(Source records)
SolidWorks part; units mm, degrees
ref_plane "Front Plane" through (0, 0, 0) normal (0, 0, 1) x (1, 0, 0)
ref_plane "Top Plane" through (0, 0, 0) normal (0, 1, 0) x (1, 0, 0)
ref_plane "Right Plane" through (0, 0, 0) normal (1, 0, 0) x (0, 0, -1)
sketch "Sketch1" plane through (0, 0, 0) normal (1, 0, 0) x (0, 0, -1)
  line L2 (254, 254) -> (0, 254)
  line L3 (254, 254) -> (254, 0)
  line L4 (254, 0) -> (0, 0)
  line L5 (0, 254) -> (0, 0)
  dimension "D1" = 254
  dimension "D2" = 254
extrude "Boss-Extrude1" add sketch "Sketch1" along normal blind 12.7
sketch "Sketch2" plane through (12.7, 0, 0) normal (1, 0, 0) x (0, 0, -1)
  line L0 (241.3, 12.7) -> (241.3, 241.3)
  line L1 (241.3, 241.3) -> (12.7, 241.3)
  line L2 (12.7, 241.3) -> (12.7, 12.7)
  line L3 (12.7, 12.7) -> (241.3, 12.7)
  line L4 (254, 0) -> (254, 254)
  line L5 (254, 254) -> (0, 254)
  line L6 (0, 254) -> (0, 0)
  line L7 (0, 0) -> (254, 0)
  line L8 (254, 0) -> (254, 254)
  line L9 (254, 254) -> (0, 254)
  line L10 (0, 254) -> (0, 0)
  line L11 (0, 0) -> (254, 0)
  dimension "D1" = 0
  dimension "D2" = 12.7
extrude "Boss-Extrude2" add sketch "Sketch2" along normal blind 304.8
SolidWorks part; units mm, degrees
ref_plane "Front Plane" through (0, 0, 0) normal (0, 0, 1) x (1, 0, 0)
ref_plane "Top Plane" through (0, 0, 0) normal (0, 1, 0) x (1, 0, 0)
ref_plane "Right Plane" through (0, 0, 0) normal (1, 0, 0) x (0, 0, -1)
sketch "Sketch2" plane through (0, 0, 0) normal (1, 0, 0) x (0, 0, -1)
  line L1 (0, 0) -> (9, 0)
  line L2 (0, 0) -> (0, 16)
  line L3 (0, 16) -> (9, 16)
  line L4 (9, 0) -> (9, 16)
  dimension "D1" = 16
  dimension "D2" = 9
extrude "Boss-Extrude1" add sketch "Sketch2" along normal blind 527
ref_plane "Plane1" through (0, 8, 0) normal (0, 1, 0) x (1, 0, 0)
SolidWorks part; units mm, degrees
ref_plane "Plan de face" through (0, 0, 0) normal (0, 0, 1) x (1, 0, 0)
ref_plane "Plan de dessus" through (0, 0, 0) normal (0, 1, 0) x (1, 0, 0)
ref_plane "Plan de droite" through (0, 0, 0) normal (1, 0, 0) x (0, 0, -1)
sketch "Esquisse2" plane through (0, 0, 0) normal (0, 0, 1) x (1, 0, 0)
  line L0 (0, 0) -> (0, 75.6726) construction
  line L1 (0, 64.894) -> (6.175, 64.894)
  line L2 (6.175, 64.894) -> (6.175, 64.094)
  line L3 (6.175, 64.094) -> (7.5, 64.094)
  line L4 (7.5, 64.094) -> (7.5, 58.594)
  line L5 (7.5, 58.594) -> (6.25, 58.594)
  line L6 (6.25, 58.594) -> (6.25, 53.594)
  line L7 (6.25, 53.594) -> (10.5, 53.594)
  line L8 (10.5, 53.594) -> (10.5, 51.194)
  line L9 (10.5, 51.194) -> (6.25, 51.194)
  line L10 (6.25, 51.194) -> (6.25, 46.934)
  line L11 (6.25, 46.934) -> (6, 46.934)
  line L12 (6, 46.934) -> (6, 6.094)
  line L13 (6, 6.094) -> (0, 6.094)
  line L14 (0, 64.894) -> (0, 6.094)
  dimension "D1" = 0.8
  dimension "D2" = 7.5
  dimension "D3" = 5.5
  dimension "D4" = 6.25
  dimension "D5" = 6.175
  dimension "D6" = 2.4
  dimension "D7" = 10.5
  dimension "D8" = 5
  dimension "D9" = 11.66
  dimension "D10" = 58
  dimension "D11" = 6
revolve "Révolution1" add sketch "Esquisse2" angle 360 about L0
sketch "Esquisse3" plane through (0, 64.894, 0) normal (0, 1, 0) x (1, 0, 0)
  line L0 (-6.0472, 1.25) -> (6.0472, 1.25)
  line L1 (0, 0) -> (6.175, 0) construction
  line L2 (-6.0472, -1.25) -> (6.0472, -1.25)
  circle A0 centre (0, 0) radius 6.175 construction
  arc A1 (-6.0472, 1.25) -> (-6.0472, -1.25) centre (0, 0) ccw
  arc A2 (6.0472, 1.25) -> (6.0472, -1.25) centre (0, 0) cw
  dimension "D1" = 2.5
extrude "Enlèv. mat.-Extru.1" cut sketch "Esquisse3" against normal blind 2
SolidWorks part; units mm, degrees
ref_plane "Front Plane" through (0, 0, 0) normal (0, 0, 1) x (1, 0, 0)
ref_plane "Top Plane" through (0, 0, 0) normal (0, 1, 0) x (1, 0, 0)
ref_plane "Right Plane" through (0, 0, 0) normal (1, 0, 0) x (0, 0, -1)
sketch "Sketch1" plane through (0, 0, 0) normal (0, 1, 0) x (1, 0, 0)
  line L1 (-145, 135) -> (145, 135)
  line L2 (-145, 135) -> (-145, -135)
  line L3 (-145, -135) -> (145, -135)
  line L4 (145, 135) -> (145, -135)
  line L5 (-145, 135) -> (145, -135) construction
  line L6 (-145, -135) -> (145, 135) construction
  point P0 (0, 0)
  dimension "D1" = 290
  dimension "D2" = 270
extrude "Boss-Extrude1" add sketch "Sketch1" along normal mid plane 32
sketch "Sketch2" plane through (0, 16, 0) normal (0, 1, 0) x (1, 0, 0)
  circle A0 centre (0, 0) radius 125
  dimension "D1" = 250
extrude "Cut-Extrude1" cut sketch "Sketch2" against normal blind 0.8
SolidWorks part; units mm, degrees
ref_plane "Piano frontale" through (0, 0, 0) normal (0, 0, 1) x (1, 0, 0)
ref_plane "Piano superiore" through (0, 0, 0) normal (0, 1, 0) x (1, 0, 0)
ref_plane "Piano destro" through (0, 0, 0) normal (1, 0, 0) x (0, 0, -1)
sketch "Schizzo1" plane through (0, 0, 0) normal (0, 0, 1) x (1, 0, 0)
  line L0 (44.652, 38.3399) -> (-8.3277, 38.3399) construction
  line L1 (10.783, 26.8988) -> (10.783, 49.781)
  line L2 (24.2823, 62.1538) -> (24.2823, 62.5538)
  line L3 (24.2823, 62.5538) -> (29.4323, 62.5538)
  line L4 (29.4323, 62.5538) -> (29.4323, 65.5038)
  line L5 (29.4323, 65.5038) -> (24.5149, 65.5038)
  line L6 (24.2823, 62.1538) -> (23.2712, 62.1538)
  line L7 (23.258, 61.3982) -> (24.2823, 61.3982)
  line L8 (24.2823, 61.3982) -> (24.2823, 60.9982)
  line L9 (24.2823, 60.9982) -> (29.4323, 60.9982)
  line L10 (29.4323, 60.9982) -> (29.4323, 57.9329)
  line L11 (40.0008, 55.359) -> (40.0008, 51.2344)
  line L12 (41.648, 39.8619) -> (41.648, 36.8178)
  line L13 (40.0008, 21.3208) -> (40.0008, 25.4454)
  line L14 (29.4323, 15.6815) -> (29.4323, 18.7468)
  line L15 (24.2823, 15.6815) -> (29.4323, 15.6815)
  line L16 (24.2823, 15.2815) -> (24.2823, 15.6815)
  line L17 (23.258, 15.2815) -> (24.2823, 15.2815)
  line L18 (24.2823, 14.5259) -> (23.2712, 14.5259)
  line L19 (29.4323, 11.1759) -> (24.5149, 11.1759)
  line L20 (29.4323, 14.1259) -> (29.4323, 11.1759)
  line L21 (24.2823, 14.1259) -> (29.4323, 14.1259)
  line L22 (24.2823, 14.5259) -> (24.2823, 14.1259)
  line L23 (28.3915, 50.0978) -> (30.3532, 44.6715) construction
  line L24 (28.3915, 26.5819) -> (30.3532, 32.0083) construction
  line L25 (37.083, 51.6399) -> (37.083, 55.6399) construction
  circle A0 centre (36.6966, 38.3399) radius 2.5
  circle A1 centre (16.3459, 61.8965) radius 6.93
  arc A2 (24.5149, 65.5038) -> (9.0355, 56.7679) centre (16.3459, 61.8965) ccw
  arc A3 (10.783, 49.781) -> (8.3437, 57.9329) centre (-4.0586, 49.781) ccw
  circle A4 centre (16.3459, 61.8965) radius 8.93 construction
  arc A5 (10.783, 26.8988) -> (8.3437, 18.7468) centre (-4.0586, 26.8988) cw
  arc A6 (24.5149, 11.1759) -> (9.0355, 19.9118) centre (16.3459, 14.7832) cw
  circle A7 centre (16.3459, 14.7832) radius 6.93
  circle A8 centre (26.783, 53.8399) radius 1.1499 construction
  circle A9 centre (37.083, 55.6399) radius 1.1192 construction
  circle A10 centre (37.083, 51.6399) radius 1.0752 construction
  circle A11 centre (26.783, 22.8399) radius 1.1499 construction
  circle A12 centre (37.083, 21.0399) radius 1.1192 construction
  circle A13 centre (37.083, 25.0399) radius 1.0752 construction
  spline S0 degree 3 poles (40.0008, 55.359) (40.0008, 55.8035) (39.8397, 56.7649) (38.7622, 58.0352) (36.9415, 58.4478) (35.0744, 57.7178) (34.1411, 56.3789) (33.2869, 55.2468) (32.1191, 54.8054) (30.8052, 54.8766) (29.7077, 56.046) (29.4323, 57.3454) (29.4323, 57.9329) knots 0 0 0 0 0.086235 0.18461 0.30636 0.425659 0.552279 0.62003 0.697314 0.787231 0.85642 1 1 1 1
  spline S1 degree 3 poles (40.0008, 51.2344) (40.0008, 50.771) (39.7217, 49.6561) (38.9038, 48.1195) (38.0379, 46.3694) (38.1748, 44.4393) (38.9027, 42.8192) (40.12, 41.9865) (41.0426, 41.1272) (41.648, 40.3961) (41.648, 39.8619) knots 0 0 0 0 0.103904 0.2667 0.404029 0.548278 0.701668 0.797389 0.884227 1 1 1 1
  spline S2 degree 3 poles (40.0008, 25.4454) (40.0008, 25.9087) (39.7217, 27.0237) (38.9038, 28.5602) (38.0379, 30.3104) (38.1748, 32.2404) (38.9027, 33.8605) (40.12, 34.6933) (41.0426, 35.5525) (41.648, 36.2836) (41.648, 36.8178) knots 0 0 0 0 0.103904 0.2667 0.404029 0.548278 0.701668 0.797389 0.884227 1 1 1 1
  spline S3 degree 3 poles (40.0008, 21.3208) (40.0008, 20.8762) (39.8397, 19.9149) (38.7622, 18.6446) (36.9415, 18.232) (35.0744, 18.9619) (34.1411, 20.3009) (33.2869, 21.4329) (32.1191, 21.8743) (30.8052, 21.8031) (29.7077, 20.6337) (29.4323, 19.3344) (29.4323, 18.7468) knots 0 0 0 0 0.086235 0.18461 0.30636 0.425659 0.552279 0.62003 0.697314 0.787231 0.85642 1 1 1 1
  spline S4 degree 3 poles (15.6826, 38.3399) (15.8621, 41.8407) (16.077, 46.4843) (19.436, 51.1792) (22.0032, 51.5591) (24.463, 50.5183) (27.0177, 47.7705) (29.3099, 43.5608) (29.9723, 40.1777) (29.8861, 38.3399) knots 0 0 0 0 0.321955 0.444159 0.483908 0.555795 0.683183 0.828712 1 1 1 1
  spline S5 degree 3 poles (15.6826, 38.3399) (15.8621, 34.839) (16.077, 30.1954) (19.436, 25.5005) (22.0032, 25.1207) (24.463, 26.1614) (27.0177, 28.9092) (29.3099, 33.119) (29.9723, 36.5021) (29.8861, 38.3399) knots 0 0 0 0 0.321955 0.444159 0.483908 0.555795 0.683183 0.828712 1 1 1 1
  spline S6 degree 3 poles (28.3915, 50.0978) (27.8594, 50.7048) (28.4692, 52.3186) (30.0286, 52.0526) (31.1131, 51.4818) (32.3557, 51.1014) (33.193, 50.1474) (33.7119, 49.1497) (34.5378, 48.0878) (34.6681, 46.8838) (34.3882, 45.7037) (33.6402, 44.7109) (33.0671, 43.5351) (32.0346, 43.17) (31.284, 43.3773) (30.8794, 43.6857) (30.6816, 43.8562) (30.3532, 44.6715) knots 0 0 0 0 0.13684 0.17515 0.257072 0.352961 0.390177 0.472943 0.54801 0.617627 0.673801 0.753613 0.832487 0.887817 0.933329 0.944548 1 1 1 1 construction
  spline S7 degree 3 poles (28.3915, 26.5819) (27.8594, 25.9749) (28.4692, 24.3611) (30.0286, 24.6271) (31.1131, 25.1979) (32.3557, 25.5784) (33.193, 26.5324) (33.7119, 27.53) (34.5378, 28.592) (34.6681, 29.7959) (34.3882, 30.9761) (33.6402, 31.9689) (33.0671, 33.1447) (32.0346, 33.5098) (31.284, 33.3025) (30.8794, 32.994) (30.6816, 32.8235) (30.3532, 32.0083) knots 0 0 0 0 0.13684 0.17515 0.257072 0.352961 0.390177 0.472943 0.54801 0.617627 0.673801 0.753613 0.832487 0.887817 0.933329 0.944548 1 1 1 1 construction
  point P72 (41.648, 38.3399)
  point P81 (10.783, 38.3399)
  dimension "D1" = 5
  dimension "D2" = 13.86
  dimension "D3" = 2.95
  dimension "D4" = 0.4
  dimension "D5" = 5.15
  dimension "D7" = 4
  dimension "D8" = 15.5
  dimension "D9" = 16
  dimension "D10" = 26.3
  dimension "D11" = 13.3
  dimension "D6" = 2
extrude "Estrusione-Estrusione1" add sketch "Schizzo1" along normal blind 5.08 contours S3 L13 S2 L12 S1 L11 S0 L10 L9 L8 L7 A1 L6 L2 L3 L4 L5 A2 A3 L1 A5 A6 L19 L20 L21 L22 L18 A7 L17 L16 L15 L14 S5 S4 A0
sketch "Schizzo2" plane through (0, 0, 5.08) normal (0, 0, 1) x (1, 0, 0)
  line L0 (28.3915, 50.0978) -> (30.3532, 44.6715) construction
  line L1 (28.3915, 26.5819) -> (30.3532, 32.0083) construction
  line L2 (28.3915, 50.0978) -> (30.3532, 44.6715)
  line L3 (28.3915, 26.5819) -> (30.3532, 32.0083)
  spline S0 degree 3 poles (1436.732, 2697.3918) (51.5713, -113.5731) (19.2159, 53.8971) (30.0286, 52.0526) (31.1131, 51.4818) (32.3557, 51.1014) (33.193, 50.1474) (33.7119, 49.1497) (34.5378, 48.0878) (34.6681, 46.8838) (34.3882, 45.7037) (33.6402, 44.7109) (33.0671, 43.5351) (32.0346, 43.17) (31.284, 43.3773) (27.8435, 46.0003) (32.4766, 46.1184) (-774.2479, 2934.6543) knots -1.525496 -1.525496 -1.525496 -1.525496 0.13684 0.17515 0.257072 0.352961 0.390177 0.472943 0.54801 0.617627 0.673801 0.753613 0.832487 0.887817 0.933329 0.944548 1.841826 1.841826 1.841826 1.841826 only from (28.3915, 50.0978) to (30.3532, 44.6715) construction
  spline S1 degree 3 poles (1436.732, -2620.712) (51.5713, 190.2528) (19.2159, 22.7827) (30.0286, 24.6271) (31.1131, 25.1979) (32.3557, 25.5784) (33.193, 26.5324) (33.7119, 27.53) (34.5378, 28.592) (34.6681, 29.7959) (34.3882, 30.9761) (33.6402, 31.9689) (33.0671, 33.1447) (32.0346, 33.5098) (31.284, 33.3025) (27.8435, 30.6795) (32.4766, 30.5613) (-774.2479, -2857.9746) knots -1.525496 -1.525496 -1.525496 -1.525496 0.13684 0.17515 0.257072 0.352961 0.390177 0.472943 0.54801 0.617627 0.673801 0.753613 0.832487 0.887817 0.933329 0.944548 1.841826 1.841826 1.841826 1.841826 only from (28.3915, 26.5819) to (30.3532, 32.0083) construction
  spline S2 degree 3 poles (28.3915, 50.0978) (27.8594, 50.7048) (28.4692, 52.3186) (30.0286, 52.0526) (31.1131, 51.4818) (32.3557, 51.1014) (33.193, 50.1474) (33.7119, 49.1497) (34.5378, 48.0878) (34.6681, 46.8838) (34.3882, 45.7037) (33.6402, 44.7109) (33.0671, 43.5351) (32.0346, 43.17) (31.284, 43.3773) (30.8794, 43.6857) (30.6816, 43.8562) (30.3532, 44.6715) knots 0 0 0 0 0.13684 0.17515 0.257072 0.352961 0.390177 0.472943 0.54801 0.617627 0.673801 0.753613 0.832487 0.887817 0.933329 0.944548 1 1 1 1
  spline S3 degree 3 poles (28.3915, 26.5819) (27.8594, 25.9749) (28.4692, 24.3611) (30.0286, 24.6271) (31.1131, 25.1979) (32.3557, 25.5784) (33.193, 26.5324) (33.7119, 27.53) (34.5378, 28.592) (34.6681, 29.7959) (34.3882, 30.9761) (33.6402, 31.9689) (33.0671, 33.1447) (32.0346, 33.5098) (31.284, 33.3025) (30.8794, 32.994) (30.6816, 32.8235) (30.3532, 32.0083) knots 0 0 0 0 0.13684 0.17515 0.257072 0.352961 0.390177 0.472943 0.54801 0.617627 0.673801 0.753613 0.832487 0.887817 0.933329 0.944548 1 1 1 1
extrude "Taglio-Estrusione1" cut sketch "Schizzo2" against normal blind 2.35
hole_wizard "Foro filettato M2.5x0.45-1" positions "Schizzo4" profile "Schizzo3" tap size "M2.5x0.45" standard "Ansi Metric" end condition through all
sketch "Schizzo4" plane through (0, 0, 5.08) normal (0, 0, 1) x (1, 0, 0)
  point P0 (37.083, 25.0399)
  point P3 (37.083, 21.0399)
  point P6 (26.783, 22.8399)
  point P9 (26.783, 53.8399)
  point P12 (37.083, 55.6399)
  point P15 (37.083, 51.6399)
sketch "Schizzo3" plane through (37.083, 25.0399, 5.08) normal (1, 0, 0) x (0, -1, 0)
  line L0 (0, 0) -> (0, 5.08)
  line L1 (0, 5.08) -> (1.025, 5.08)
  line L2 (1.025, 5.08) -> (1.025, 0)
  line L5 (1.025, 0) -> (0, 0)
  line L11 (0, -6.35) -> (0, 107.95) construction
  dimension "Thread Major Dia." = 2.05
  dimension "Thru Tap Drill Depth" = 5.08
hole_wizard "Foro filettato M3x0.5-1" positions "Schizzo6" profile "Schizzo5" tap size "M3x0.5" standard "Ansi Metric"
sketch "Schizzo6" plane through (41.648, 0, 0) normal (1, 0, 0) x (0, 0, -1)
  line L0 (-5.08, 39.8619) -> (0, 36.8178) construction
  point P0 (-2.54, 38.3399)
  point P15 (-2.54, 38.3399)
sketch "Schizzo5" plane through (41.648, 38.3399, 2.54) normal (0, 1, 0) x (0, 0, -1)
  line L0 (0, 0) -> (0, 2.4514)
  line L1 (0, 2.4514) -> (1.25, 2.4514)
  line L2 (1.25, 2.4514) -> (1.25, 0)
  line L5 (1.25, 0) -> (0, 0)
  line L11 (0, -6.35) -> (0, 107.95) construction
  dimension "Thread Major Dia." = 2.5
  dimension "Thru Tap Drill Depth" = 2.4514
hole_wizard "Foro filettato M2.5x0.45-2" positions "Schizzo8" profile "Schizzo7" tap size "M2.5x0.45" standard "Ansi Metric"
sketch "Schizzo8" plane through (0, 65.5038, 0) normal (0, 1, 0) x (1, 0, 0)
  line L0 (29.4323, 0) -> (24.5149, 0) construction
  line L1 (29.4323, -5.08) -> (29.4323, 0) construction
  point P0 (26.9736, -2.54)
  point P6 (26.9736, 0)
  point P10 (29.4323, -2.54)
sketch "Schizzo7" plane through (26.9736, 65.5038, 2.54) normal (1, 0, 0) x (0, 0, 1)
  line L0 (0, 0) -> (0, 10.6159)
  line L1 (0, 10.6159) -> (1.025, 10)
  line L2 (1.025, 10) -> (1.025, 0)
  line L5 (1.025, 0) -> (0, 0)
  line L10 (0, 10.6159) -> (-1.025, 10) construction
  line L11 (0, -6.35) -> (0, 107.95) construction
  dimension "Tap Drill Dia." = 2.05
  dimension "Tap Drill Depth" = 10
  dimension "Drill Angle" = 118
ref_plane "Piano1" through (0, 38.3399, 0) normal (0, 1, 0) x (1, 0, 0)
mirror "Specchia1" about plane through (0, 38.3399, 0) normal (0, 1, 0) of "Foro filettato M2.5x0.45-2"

> EXERCISE DESCRIPTION
Looking at the entries above, count each line that includes the string "Drill" and give only the total.

> RESULT
5